Later, it's on to the legendary pepper-crusted pigeon. I had this in Abu Dhabi, save for one element, which absolutely made my night in Singapore. The pigeon organ bao (not pictured) will always stay with me. The preparation is perfection. Gamey, hint of sweetness, glutinous. I've had second preparations of pigeons all over the world using organs, liver, etc. This sets the bar.


A note on the service. I couldn't help but think this was one of the best run dining rooms, and affable teams, I've ever seen. Everyone, at every position, was simply wonderful. It reminded me of Steirereck. Funny enough, the next night, when Odette retained 3*, it was also awarded the Service Award for the Singapore guide. Well earned and well deserved.
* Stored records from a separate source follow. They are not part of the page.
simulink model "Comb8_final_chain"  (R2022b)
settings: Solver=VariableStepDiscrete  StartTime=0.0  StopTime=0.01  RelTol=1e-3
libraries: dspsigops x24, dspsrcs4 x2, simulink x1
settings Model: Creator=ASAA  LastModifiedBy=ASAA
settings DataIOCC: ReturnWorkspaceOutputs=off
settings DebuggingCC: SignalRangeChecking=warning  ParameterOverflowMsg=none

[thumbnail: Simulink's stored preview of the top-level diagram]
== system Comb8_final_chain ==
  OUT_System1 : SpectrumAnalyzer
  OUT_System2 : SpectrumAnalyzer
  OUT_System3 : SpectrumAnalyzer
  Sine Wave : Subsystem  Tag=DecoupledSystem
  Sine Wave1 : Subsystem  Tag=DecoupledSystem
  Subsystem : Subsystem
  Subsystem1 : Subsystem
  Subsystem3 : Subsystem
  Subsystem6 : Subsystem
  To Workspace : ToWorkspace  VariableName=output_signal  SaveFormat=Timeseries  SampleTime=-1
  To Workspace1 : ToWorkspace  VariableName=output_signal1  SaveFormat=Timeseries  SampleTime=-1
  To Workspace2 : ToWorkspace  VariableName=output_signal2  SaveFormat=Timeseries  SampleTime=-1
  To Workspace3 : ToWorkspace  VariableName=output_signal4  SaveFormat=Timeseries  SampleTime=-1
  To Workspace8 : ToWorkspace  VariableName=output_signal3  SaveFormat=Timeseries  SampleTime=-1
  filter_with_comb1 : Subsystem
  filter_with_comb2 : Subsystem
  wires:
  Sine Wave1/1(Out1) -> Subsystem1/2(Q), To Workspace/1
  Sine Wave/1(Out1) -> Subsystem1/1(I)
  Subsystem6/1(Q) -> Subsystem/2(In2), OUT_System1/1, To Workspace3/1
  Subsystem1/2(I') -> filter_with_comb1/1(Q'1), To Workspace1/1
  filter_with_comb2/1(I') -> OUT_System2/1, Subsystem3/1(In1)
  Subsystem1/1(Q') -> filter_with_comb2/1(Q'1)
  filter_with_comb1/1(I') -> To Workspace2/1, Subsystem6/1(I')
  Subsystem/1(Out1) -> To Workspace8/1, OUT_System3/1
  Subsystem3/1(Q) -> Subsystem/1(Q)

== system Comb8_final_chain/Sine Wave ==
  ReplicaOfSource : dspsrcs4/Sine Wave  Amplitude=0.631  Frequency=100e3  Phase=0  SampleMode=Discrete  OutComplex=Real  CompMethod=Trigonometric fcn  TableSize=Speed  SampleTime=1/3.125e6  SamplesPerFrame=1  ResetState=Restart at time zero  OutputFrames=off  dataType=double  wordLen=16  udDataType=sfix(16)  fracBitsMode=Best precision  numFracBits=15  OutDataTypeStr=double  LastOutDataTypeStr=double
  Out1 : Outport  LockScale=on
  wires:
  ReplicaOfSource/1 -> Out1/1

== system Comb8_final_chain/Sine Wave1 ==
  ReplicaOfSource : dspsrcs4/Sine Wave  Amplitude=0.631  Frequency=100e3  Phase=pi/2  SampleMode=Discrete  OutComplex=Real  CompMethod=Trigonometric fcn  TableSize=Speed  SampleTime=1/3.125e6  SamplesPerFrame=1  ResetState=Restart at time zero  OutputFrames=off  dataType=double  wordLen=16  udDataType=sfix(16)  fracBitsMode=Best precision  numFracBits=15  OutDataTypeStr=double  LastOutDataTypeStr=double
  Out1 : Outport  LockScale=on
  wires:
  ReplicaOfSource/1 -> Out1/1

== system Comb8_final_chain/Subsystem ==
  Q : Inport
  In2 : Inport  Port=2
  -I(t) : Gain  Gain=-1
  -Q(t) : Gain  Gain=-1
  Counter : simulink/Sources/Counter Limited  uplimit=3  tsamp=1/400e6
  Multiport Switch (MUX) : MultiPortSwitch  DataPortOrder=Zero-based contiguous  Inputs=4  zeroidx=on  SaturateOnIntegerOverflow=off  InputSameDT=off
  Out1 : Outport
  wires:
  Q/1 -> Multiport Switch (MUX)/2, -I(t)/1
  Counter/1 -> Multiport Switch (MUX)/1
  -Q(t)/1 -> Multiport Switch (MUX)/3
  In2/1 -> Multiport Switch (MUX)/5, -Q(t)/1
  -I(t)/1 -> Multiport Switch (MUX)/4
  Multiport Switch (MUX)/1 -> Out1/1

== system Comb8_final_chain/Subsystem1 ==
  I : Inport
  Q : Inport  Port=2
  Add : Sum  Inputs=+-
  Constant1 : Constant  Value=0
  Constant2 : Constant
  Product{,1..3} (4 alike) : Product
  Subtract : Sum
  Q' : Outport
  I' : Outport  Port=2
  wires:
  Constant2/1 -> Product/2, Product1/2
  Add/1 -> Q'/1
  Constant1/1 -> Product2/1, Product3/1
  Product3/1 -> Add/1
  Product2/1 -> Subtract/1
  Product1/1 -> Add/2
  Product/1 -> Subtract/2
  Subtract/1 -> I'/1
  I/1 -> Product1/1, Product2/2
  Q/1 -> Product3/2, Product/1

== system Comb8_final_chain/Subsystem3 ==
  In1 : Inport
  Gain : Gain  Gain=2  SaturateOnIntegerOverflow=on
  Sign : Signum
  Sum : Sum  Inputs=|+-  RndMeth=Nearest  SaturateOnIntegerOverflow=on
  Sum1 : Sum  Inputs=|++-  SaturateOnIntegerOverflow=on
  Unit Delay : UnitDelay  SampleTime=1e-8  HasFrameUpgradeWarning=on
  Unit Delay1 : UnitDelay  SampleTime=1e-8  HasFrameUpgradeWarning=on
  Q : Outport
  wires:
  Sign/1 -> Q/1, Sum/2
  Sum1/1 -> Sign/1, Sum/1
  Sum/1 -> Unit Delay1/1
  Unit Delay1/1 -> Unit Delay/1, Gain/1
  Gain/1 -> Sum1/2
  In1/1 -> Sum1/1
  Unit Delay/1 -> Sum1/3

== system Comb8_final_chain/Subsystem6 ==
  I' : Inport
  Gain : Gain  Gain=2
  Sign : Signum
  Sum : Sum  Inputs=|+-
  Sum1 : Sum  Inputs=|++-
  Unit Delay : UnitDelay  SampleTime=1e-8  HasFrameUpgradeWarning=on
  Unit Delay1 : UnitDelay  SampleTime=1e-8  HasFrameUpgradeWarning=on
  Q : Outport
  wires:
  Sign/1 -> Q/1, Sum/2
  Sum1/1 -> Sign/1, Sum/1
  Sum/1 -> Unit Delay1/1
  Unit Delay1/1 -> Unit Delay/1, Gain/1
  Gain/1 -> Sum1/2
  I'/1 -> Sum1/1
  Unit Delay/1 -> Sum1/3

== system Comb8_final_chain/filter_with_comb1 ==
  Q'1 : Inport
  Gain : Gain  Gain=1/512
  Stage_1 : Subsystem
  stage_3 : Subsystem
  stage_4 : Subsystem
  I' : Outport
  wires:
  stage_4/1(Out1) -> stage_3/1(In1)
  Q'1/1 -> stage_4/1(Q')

It's an overused cliché in the industry, by a restaurant, a diner, a critic, to say they see the "childhood" or "story" of a chef in their food. In this situation, it's apt. While Chef Royer weaves personal, written narratives throughout the meal, it's what's on the plate that gives us keen, delicious, thoughtful insights into him.


The restaurant, the cooking, the service, and the soul of Restaurant Odette is nothing short of magnificent.


*I have purposely not told you about Odette, the remarkable person, because I think it's best you experience the story telling in person as the night unfolds.